Sunday, January 2, 2011

HW 27 - Visiting an unwell person

I did not visit anyone due to it being the holidays, but I do talk to my father everyday about my sick grandmother. And from talking to him I see that I am happy that my father does not take me up there to see her. I do love her and want to let her know how much I love her before she died, but I know I will not be able to look at her and deal with that fact that she is dying. So that showed me how even though she is dying and ill all me and my dad can think about is how we feel.

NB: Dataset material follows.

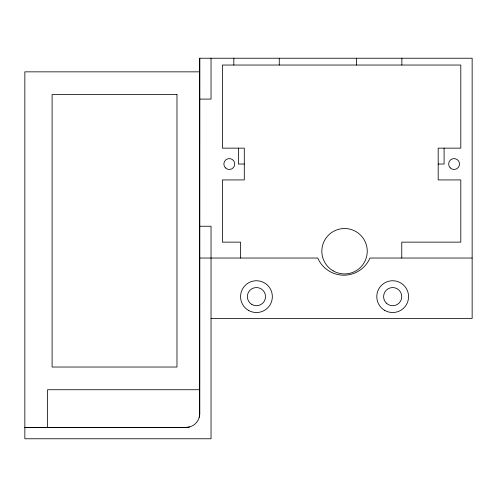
<?xml version="1.0" encoding="UTF-8"?>
<svg xmlns="http://www.w3.org/2000/svg" width="497" height="497" viewBox="0 0 497 497"><rect width="100%" height="100%" fill="white"/><g stroke="black" fill="none" stroke-linecap="round" stroke-linejoin="round"><path stroke-width="0.75" d="M199.216 417.325L199.738 413.796L199.788 58.23M199.738 413.796L199.682 413.796A13.624 13.624 0 0 1 186.058 427.42L24.85 427.42L186.071 427.47L189.587 426.954M199.682 71.848L24.85 71.848L24.85 438.77L211.039 438.77L211.039 226.247L199.788 226.247M199.788 99.096L211.039 99.096L211.039 58.23M244.288 164.035L238.386 164.035L238.386 148.143M438.192 164.035L444.094 164.035L444.094 148.143M199.788 258.036L317.751 258.036A28.441 28.441 0 0 0 369.973 258.036L472.15 258.036M211.039 318.434L472.15 318.434L472.15 58.23L199.682 58.23L199.682 415.312M199.682 389.729L47.557 389.729L47.557 427.42M401.862 58.23L401.862 65.039M401.762 258.036L401.762 242.145L460.8 242.145L460.8 179.926L438.192 179.926L438.192 148.143L460.8 148.143L460.8 65.039L222.389 65.039L222.389 148.143L244.288 148.143L244.288 179.926L222.389 179.926L222.389 242.145L240.554 242.145L240.554 258.036M356.455 58.23L356.455 65.039M279.252 58.23L279.252 65.039M233.845 58.23L233.845 65.039M176.975 94.554L52.098 94.554L52.098 367.022L176.975 367.022L176.975 94.554M384.734 310.401A15.892 15.892 0 0 0 408.571 296.634A15.892 15.892 0 0 0 384.734 282.874A15.892 15.892 0 0 0 384.734 310.401M248.5 310.401A15.892 15.892 0 0 0 272.344 296.634A15.892 15.892 0 0 0 248.5 282.874A15.892 15.892 0 0 0 248.5 310.401M333.189 270.89A22.707 22.707 0 0 0 367.252 251.227A22.707 22.707 0 0 0 333.189 231.559A22.707 22.707 0 0 0 333.189 270.89M386.256 303.058A9.083 9.083 0 0 0 401.452 298.989A9.083 9.083 0 0 0 390.331 287.862A9.083 9.083 0 0 0 386.256 303.058M450.232 167.887A5.448 5.448 0 0 0 459.352 165.445A5.448 5.448 0 0 0 452.68 158.773A5.448 5.448 0 0 0 450.232 167.887M251.904 304.499A9.083 9.083 0 0 0 265.528 296.634A9.083 9.083 0 0 0 251.904 288.769A9.083 9.083 0 0 0 251.904 304.499M225.452 167.887A5.448 5.448 0 0 0 234.565 165.445A5.448 5.448 0 0 0 227.893 158.773A5.448 5.448 0 0 0 225.452 167.887"/></g></svg>

From talking to him I said to really see how we don't want people to see us ill, or other people don't want to see us ill. We try to hide the fact that we are dying. Most of us want to act like if people don't see us and act the way they do we will forget that we are sick and that things will be better. I learned that some of us are a little more ok with death and ok with sharing that trip with everyone. That there is nothing to be scared of, but shouldn’t we be scared. Why should be not be scared of not moving, thinking, eating and loving again?
From talking to Beth and her trip with her husband dying I never think I could do that. Because when you come down to it I selfish. And we all are, we just don't want to say it. I could not look at them as they turn into nothing and never mind that they have to look, feel and think about dying. I could not tell them it is going to be ok when I know that I am lying even when they are hoping they will. I can't be there and just have the thoughts of things while in a few seconds, months, years they will be dead. I could not think about them because I would be busy thinking about myself. And not meaning to but it just happening.
So from this unit I learned that I not ok with death and that most people aren't. I can't stop it or change when it is going to happen. Nor can most people tell people that they are dying. But then most we can do is just live life and tell the ones we love that we love them.